Conditions That Extend Capacitor Life

Capacitor life is affected by temperature, voltage and operating time. High ambient temperature rapidly shortens the life of an electrolytic start capacitor; so it is important that the motor runs in a well-cooled environment. Excessively frequent starting tires the start capacitor and the centrifugal switch. Choosing a low voltage rating leads to early bursting. We gathered the motor's overall life and early failure causes in our early failure causes article. To monitor temperature and load conditions, temperature monitoring and correct protection selection help.

Spare Capacitor and Motor Supply

Although a capacitor looks like a small part, bought with the wrong value it can burn the motor. So when buying a spare it is essential to read the old part's uF and V values exactly. Better still, if the capacitor fails often, question the root cause: is the motor powerful enough for your load, is the ambient temperature suitable, does the starting frequency suit the motor's duty type? Our duty type (S1-S6) selection article answers these questions. Switching to a quality motor eliminates most recurring capacitor failures. The HEM Motor efficient electric motors and IE3 ranges, chosen at the right power and duty type, offer a long-life solution. Starting with a quality motor is far more economical than the cost of frequent capacitor replacement and downtime.

Frequently Asked Questions

Will choosing a slightly larger capacitor make the motor more powerful?

No. Increasing the uF does not strengthen the motor; it causes the auxiliary winding to overheat and efficiency to drop. Always stick to the uF value written on the nameplate or the old capacitor.

Can I fit a run capacitor instead of a start capacitor?

No. The uF of a run capacitor is insufficient for starting; the motor starts weakly or not at all. Fitting a permanent type instead of a start capacitor is also wrong. Use each capacitor according to its duty and value.

Why is the capacitor voltage (V) higher than the supply?

Because a voltage higher than the supply appears across the auxiliary winding and capacitor due to a resonance effect. That is why a 400 V or 450 V capacitor is usually used on a 220 V supply. A low-V capacitor bursts early.

Get a Quote

If you want a correctly sized, quality and long-life motor for your single-phase application, share your requirement. The HEM Motor team recommends the best single-phase or three-phase solution based on your application, power and speed.

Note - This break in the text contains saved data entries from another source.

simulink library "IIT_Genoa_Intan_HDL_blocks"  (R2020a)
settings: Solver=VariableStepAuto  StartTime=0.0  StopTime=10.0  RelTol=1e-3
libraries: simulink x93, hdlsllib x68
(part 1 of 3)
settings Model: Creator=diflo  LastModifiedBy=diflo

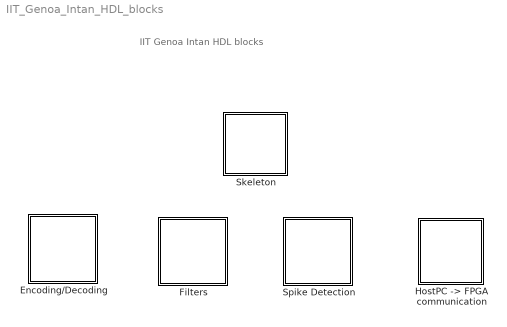
== system IIT_Genoa_Intan_HDL_blocks ==
  note: IIT Genoa Intan HDL blocks
  Encoding/Decoding : Subsystem
  Filters : Subsystem
  "HostPC -> FPGA communication" : Subsystem
  Skeleton : Subsystem
  Spike Detection : Subsystem

== system IIT_Genoa_Intan_HDL_blocks/Encoding//Decoding ==
  input_interpret_store_retrieve : Subsystem
      mask DialogControl DescGroupVar Prompt: Decoding subsystem
      mask DialogControl DescTextVar Prompt: This subsystem interprets the retrieved data from the Finite State Machine of the Intan RHS by assigning a specific value according to the data type.
      mask Display:
      | color('white'); port_label('input',1,'FIFO_data_in')
      | color('white'); port_label('input',2,'FIFO_write_to')
      | color('white'); port_label('input',3,'read_output_data_input_interpret_store_retrieve')
      | color('white'); port_label('input',4,'data_stream_enable')
      | color('white'); port_label('output',1,'InputState')
      | color('white'); port_label('output',2,'output_data_input_interpret_store_retrieve')
      | color('white'); port_label('output',3,'output_data_to_process')
      | color('white'); port_label('output',4,'address_output_data_to_process')
  output_interpret_collect_output : Subsystem
      mask DialogControl DescGroupVar Prompt: Encoding subsystem
      mask DialogControl DescTextVar Prompt: This subsystem reconstructs the logic of the dataflow in order to send the data to the Host PC.
      mask Display:
      | color('white'); port_label('input',1,'FIFO_data_in')
      | color('white'); port_label('input',2,'FIFO_write_to')
      | color('white'); port_label('input',3,'InputState')
      | color('white'); port_label('input',4,'data_stream_enable')
      | color('white'); port_label('input',5,'output_data_input_interpret_store_retrieve')
      | color('white'); port_label('input',6,'filter_output_or_spike')
      | color('white'); port_label('output',1,'comp_data_out_valid')
      | color('white'); port_label('output',2,'comp_data_out')
      | color('white'); port_label('output',3,'read_filter_output_or_spike')
      | color('white'); port_label('output',4,'OutputState')
      | color('white'); port_label('output',5,'read_output_data_input_interpret_store_retrieve')

== system IIT_Genoa_Intan_HDL_blocks/Filters ==
  Butter_1st_HP : Subsystem  mask{s1=0.969531252908746199, a21=-0.939062505817492399}
      mask DialogControl DescGroupVar Prompt: Direct Form II - Butterworth 1st Order HP filter
      mask DialogControl DescTextVar Prompt: Butterworth 1st order highpass filtering logic. The filter is fully serial implemented with a custom architecture according to the logic of the input dataflow from the Finite State Machine of the Intan RHS.
      mask DialogControl Container3 Prompt: Filter coefficients
      mask Display:
      | color('white'); port_label('input',1,'output_data_to_process')
      | color('white'); port_label('input',2,'InputState')
      | color('white'); port_label('input',3,'address_output_data_to_process')
      | color('white'); port_label('input',4,'read_filter_output_or_spike')
      | color('white'); port_label('output',1,'filter_output')
      | color('white'); port_label('output',2,'filter_writing_address')
      | color('white'); port_label('output',3,'filter_writing_enable')
      | color('white'); port_label('output',4,'filter_output_or_spike')
  Butter_2nd_HP : Subsystem  mask{s1=0.956543225556876764, a21=-1.9111970674260732, a31=0.914975834801433852, b21=-2}
      mask DialogControl DescGroupVar Prompt: Direct Form II - Butterworth 2nd Order HP filter
      mask DialogControl DescTextVar Prompt: Butterworth 2nd order highpass filtering logic. The filter is fully serial implemented with a custom architecture according to the logic of the input dataflow from the Finite State Machine of the Intan RHS.
      mask DialogControl ParameterGroupVar Prompt: Filter coefficients
      mask Display:
      | color('white'); port_label('input',1,'output_data_to_process')
      | color('white'); port_label('input',2,'InputState')
      | color('white'); port_label('input',3,'address_output_data_to_process')
      | color('white'); port_label('input',4,'read_filter_output_or_spike')
      | color('white'); port_label('output',1,'filter_output')
      | color('white'); port_label('output',2,'filter_writing_address')
      | color('white'); port_label('output',3,'filter_writing_enable')
      | color('white'); port_label('output',4,'filter_output_or_spike')

== system IIT_Genoa_Intan_HDL_blocks/HostPC -> FPGA communication ==
  interpret_pipe_in : Subsystem  TreatAsAtomicUnit=on
      mask DialogControl DescGroupVar Prompt: Pipe in interpret
      mask DialogControl DescTextVar Prompt: This subsystem interprets the configuration file loaded by the GUI running in the Host PC. It is possible to communicate a single value of threshold and refractory period for all the channels.
      mask Display:
      | color('white'); port_label('input',1,'pipe_in_data')
      | color('white'); port_label('output',1,'pipe_in_threshold')
      | color('white'); port_label('output',2,'pipe_in_refractory')

== system IIT_Genoa_Intan_HDL_blocks/Skeleton ==
  cust_architecture : Subsystem
      mask DialogControl DescGroupVar Prompt: Custom Architecture Skeleton
      mask DialogControl DescTextVar Prompt: High level skeleton of the custom architecture. The entire algorithm must be developed inside this subsystem.
      mask Display:
      | color('white'); port_label('input',1,'FIFO_data_in')
      | color('white'); port_label('input',2,'FIFO_write_to')
      | color('white'); port_label('input',3,'data_stream_enable')
      | color('white'); port_label('input',4,'pipe_in_data')
      | color('white'); port_label('input',5,'pipe_in_en')
      | color('white'); port_label('input',6,'pipe_out_read')
      | color('white'); port_label('input',7,'cfg')
      | color('white'); port_label('output',1,'comp_data_out')
      | color('white'); port_label('output',2,'comp_data_out_valid')
      | color('white'); port_label('output',3,'trig_stim')
      | color('white'); port_label('output',4,'computing')
      | color('white'); port_label('output',5,'pipe_out_data')
      | color('white'); port_label('output',6,'status')

== system IIT_Genoa_Intan_HDL_blocks/Spike Detection ==
  General : Subsystem
  Sample Thresholding : Subsystem
  Sample Trhesholding pipe in : Subsystem

== system IIT_Genoa_Intan_HDL_blocks/Encoding//Decoding/input_interpret_store_retrieve ==
  note: data sent to Output
  note: data sent for processing
  note: address sent for processing
  note: reading address
      | from output
  FIFO_data_in : Inport
  FIFO_write_to : Inport  Port=2
  read_output_data_input_interpret_store_retrieve : Inport  Port=3
  data_stream_enable : Inport  Port=4
  InputStateMachine : Stateflow chart  TreatAsAtomicUnit=on
  Interpret_to_RAM_input : Subsystem
  store_and_retrieve_input : Subsystem
  InputState : Outport
  output_data_input_interpret_store_retrieve : Outport  Port=2
  output_data_to_process : Outport  Port=3
  address_output_data_to_process : Outport  Port=4
  wires:
  Interpret_to_RAM_input/4(write address) -> store_and_retrieve_input/3(wr_address)
  Interpret_to_RAM_input/5(wr_en) -> store_and_retrieve_input/4(wr_en)
  InputStateMachine/1(InputState) -> store_and_retrieve_input/5(InputState), InputState/1, Interpret_to_RAM_input/3(InputState)  "InputState"
  store_and_retrieve_input/1(read_from_storage_value) -> output_data_input_interpret_store_retrieve/1
  Interpret_to_RAM_input/2(inc_source_device) -> InputStateMachine/4(inc_source_device_MSB)
  Interpret_to_RAM_input/1(device_output) -> InputStateMachine/3(channel_0_19)
  Interpret_to_RAM_input/3(wr_din) -> store_and_retrieve_input/2(wr_din)
  FIFO_data_in/1 -> InputStateMachine/1(FIFO_data_in), Interpret_to_RAM_input/1(FIFO_data_in)
  FIFO_write_to/1 -> Interpret_to_RAM_input/2(FIFO_write_to), InputStateMachine/2(FIFO_write_to)
  read_output_data_input_interpret_store_retrieve/1 -> store_and_retrieve_input/1(read address)
  data_stream_enable/1 -> Interpret_to_RAM_input/4(data_stream_enable)
  store_and_retrieve_input/3(read_from_porcessing_addr) -> address_output_data_to_process/1
  store_and_retrieve_input/2(current_value) -> output_data_to_process/1

== system IIT_Genoa_Intan_HDL_blocks/Encoding//Decoding/output_interpret_collect_output ==
  FIFO_data_in : Inport
  FIFO_write_to : Inport  Port=2
  InputState : Inport  Port=3
  data_stream_enable : Inport  Port=4
  output_data_input_interpret_store_retrieve : Inport  Port=5
  filter_output_or_spike : Inport  Port=6
  collect_output : Subsystem
  output_interpret : Subsystem
  comp_data_out_valid : Outport
  comp_data_out : Outport  Port=2
  read_filter_output_or_spike : Outport  Port=3
  OutputState : Outport  Port=4
  read_output_data_input_interpret_store_retrieve : Outport  Port=5
  wires:
  FIFO_data_in/1 -> collect_output/1(FIFO_data_in)
  output_interpret/1(OutputState) -> OutputState/1, collect_output/4(OutputState)
  FIFO_write_to/1 -> collect_output/2(FIFO_write_to)
  collect_output/2(comp_data_out) -> comp_data_out/1
  output_interpret/2(rd_enable) -> collect_output/5(rd_enable)
  output_interpret/3(read_output_data_input_interpret_store_retrieve) -> read_output_data_input_interpret_store_retrieve/1, collect_output/6(rd_address)
  collect_output/1(comp_data_out_valid) -> comp_data_out_valid/1
  output_data_input_interpret_store_retrieve/1 -> collect_output/7(read_from_storage_value)
  collect_output/3(rd_address_bit_set_AC_during_DC) -> read_filter_output_or_spike/1
  filter_output_or_spike/1 -> collect_output/8(rd_dout)
  data_stream_enable/1 -> output_interpret/1(data_stream_enable)
  InputState/1 -> output_interpret/2(InputState), collect_output/3(InputState)

== system IIT_Genoa_Intan_HDL_blocks/Filters/Butter_1st_HP ==
  output_data_to_process : Inport
  InputState : Inport  Port=2
  address_output_data_to_process : Inport  Port=3
  read_filter_output_or_spike : Inport  Port=4
  ProcessedData_storage : hdlsllib/HDL RAMs/Dual Port RAM  ram_size=9
      settings: SourceProductBaseCode=SL
  Subsystem : Subsystem
  Terminator1 : Terminator
  filter_output : Outport
  filter_writing_address : Outport  Port=2
  filter_writing_enable : Outport  Port=3
  filter_output_or_spike : Outport  Port=4
  wires:
  ProcessedData_storage/1 -> Terminator1/1
  ProcessedData_storage/2 -> filter_output_or_spike/1  "filtered_sample"
  read_filter_output_or_spike/1 -> ProcessedData_storage/4
  Subsystem/1(filter_output) -> filter_output/1, ProcessedData_storage/1
  Subsystem/2(filter_writing_address) -> filter_writing_address/1, ProcessedData_storage/2
  output_data_to_process/1 -> Subsystem/1(output_data_to_process)
  InputState/1 -> Subsystem/2(InputState)
  address_output_data_to_process/1 -> Subsystem/3(address_output_data_to_process)
  Subsystem/3(filter_writing_enable) -> filter_writing_enable/1, ProcessedData_storage/3

== system IIT_Genoa_Intan_HDL_blocks/Filters/Butter_2nd_HP ==
  output_data_to_process : Inport
  InputState : Inport  Port=2
  address_output_data_to_process : Inport  Port=3
  read_filter_output_or_spike : Inport  Port=4
  ProcessedData_storage : hdlsllib/HDL RAMs/Dual Port RAM  ram_size=9
      settings: SourceProductBaseCode=SL
  Terminator7 : Terminator
  filtering : Subsystem
  filter_output : Outport
  filter_writing_address : Outport  Port=2
  filter_writing_enable : Outport  Port=3
  filter_output_or_spike : Outport  Port=4
  wires:
  filtering/2(filter_writing_address) -> filter_writing_address/1, ProcessedData_storage/2
  filtering/3(filter_writing_enable) -> filter_writing_enable/1, ProcessedData_storage/3
  InputState/1 -> filtering/2(InputState)
  ProcessedData_storage/1 -> Terminator7/1
  read_filter_output_or_spike/1 -> ProcessedData_storage/4
  filtering/1(filter_output) -> filter_output/1, ProcessedData_storage/1
  output_data_to_process/1 -> filtering/1(output_data_to_process)
  ProcessedData_storage/2 -> filter_output_or_spike/1
  address_output_data_to_process/1 -> filtering/3(address_output_data_to_process)

== system IIT_Genoa_Intan_HDL_blocks/HostPC -> FPGA communication/interpret_pipe_in ==
  pipe_in_data : Inport
  pipe_in_refractory : Subsystem
  pipe_in_th : Subsystem
  threshold : Outport
  refractory : Outport  Port=2
  wires:
  pipe_in_data/1 -> pipe_in_th/1(value_from_pipe_in), pipe_in_refractory/1(value_from_pipe_in)
  pipe_in_refractory/1(refractory) -> refractory/1
  pipe_in_th/1(th) -> threshold/1

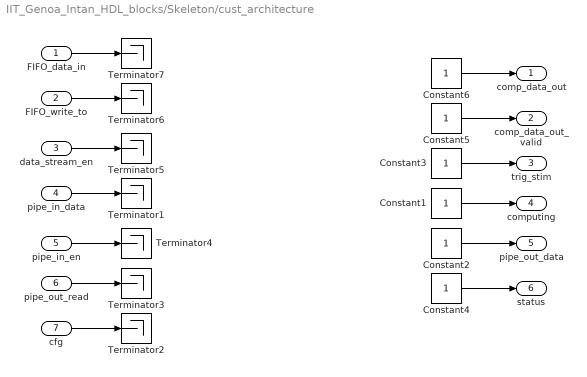
== system IIT_Genoa_Intan_HDL_blocks/Skeleton/cust_architecture ==
  FIFO_data_in : Inport
  FIFO_write_to : Inport  Port=2
  data_stream_en : Inport  Port=3
  pipe_in_data : Inport  Port=4
  pipe_in_en : Inport  Port=5
  pipe_out_read : Inport  Port=6
  cfg : Inport  Port=7
  Constant{1..6} (6 alike) : Constant  OutDataTypeStr=uint16  SampleTime=-1
  Terminator{1..7} (7 alike) : Terminator
  comp_data_out : Outport  VectorParamsAs1DForOutWhenUnconnected=off
  comp_data_out_valid : Outport  Port=2  OutDataTypeStr=boolean  VectorParamsAs1DForOutWhenUnconnected=off
  trig_stim : Outport  Port=3  VectorParamsAs1DForOutWhenUnconnected=off
  computing : Outport  Port=4  VectorParamsAs1DForOutWhenUnconnected=off
  pipe_out_data : Outport  Port=5  VectorParamsAs1DForOutWhenUnconnected=off
  status : Outport  Port=6  VectorParamsAs1DForOutWhenUnconnected=off
  wires:
  Constant3/1 -> trig_stim/1
  Constant1/1 -> computing/1
  Constant2/1 -> pipe_out_data/1
  Constant4/1 -> status/1
  cfg/1 -> Terminator2/1
  pipe_out_read/1 -> Terminator3/1
  pipe_in_en/1 -> Terminator4/1
  data_stream_en/1 -> Terminator5/1
  FIFO_write_to/1 -> Terminator6/1
  pipe_in_data/1 -> Terminator1/1
  FIFO_data_in/1 -> Terminator7/1
  Constant5/1 -> comp_data_out_valid/1
  Constant6/1 -> comp_data_out/1

== system IIT_Genoa_Intan_HDL_blocks/Spike Detection/General ==
  processing_output_logic : Subsystem
      mask DialogControl DescGroupVar Prompt: Output logic Filter/Spike Detection
      mask DialogControl DescTextVar Prompt: This subsystem is needed in order to send to the Host PC at the right time the filter outputs and the detected spikes
      mask Display:
      | color('white'); port_label('input',1,'OutputState')
      | color('white'); port_label('input',2,'filter_output')
      | color('white'); port_label('input',3,'spike')
      | color('white'); port_label('output',1,'to_output_interpret_collect_output')
  refractory_period : Subsystem  mask{refractory=0}
      mask prompts: refractory "Refractory period (samples)"
      mask DialogControl DescGroupVar Prompt: Refractory period
      mask DialogControl DescTextVar Prompt: Subsystem to compute the refractory period.
      mask Display:
      | color('white'); port_label('input',1,'filter_writing_enable')
      | color('white'); port_label('input',2,'spike_check')
      | color('white'); port_label('input',3,'filter_writing_address')
      | color('white'); port_label('input',4,'read_filter_output_or_spike')
      | color('white'); port_label('output',1,'refractory_check')
      | color('white'); port_label('output',2,'spike')
  refractory_period_pipe_in : Subsystem  AncestorBlock=IIT_Genoa_Intan_HDL_blocks/refractory_period
      mask DialogControl DescGroupVar Prompt: Refractory period (pipe in)
      mask DialogControl DescTextVar Prompt: Subsystem to compute the refractory period. The refractory period can be selected loading a configuration file from the GUI running in the Host PC in order to change in real time the value. This subsystem allows to set a single refractory period for all the channels.
      mask Display:
      | color('white'); port_label('input',1,'filter_writing_enable')
      | color('white'); port_label('input',2,'spike_check')
      | color('white'); port_label('input',3,'filter_writing_address')
      | color('white'); port_label('input',4,'read_filter_output_or_spike')
      | color('white'); port_label('input',5,'pipe_in_refractory')
      | color('white'); port_label('output',1,'refractory_check')
      | color('white'); port_label('output',2,'spike')
  spike_check : Subsystem
      mask DialogControl DescGroupVar Prompt: Spike check
      mask DialogControl DescTextVar Prompt: The ouput of this subsystem is 1 if both the refractory period condition and the amplitude check are TRUE, thus, a spike is detected and its timestamp stored.
      mask Display:
      | color('white'); port_label('input',1,'detection_check')
      | color('white'); port_label('input',2,'refractory_check')
      | color('white'); port_label('output',1,'spike_check')

== system IIT_Genoa_Intan_HDL_blocks/Spike Detection/Sample Thresholding ==
  HardThreshold : Subsystem  mask{th=0}
      mask prompts: th "Threshold (µV)"
      mask DialogControl DescGroupVar Prompt: Hard Threshold
      mask DialogControl DescTextVar Prompt: This subsystem computes a spike detection based on the identification of a sample in the signal below a set threshold. It detects as a potential each sample below threshold
      mask DialogControl ParameterGroupVar Prompt: Spike Detection Parametes
      mask Display:
      | color('white'); port_label('input',1,'filter_output')
      | color('white'); port_label('output',1,'detection_check')
  LocalMaxima : Subsystem  mask{th=0}
      mask prompts: th "Threshold (µV)"
      mask DialogControl DescGroupVar Prompt: Hard Threshold Local Maxima
      mask DialogControl DescTextVar Prompt: This subsystem computes a spike detection based on the identification of a peak in the signal below a set threshold. It takes into account the samples at time t, t-1 and t-2 to detect a potential negative peak below threshold.
      mask DialogControl Container Prompt: Spike detection parameters
      mask Display:
      | color('white'); port_label('input',1,'filter_output')
      | color('white'); port_label('input',2,'filter_writing_enable')
      | color('white'); port_label('input',3,'filter_writing_address')
      | color('white'); port_label('output',1,'detection_check')

== system IIT_Genoa_Intan_HDL_blocks/Spike Detection/Sample Trhesholding pipe in ==
  HardThreshold_pipein : Subsystem  AncestorBlock=IIT_Genoa_Intan_HDL_blocks/HardThreshold
      mask DialogControl DescGroupVar Prompt: Hard Threshold
      mask DialogControl DescTextVar Prompt: This subsystem computes a spike detection based on the identification of a sample in the signal below a set threshold. It detects as a potential each sample below threshold. The threshold can be selected loading a configuration file from the GUI running in the Host PC in order to change in real time the value. This subsystem allows to set a single threshold for all the channels.
      mask Display:
      | color('white'); port_label('input',1,'filter_output')
      | color('white'); port_label('input',2,'pipe_in_threshold')
      | color('white'); port_label('output',1,'detection_check')
  LocalMaxima_pipein : Subsystem  AncestorBlock=IIT_Genoa_Intan_HDL_blocks/LocalMaxima
      mask DialogControl DescGroupVar Prompt: Hard Threshold Local Maxima (pipe in)
      mask DialogControl DescTextVar Prompt: This subsystem computes a spike detection based on the identification of a peak in the signal below a set threshold. It takes into account the samples at time t, t-1 and t-2 to detect a potential negative peak below threshold. The threshold can be selected loading a configuration file from the GUI running in the Host PC in order to change in real time the value. This subsystem allows to set a single threshold for all the channels.
      mask Display:
      | color('white'); port_label('input',1,'filter_output')
      | color('white'); port_label('input',2,'filter_writing_enable')
      | color('white'); port_label('input',3,'filter_writing_address')
      | color('white'); port_label('input',4,'pipe_in_threshold')
      | color('white'); port_label('output',1,'detection_check')

== system IIT_Genoa_Intan_HDL_blocks/Encoding//Decoding/input_interpret_store_retrieve/Interpret_to_RAM_input ==
  note: These subsystems identify the sources of the incoming data (amplifier --> source_device and channel number) and
      | determine the address to be associated to the current data for the RAM storage. This statement is valid for all the kind of
      | data except for the magic number and the timestamp that are directly sent to a different RAM in the Output section
  FIFO_data_in : Inport
  FIFO_write_to : Inport  Port=2
  InputState : Inport  Port=3
  data_stream_enable : Inport  Port=4
  RAM address definition : Subsystem
  interpret incoming data : Subsystem
  device_output : Outport
  inc_source_device : Outport  Port=2
  wr_din : Outport  Port=3
  write address : Outport  Port=4
  wr_en : Outport  Port=5
  wires:
  interpret incoming data/4(source_channel_0_159) -> RAM address definition/3(source_channel_0_159)
  interpret incoming data/2(inc_source_device) -> inc_source_device/1
  interpret incoming data/1(source_device) -> RAM address definition/4(source_device)
  data_stream_enable/1 -> interpret incoming data/3(data_stream_enable)
  RAM address definition/3(write_enable_6to15) -> wr_en/1  "wr_en"
  interpret incoming data/3(device_output) -> device_output/1
  InputState/1 -> RAM address definition/2(InputState), interpret incoming data/2(InputState)
  interpret incoming data/5(converter_cnt) -> RAM address definition/5(converter_cnt)
  FIFO_write_to/1 -> RAM address definition/6(write_to), interpret incoming data/1(FIFO_write_to)
  FIFO_data_in/1 -> RAM address definition/1(DataIn)
  RAM address definition/2(wr_addr) -> write address/1  "write address"
  RAM address definition/1(wr_din) -> wr_din/1  "wr_din"

== system IIT_Genoa_Intan_HDL_blocks/Encoding//Decoding/input_interpret_store_retrieve/store_and_retrieve_input ==
  note: Two dual-port RAM for storage and processing
  note: current data
  note: data sent to Output
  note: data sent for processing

Call +90 (532) 345 49 86 for a quote or use our contact page.

Capacitor Selection and Replacement Checklist

  • Has the uF value on the old capacitor been read?
  • Is the voltage (V) rating suitable for the supply (typically 400/450 V for 220 V)?
  • Is it clear whether a start or run capacitor is needed?
  • Has the health of the centrifugal switch been checked?
  • Is there swelling, leakage or darkening on the capacitor?
  • If the fault recurs, has it been questioned whether the motor is the right power and quality?
  • Should a two-capacitor motor be chosen for a job needing high starting torque?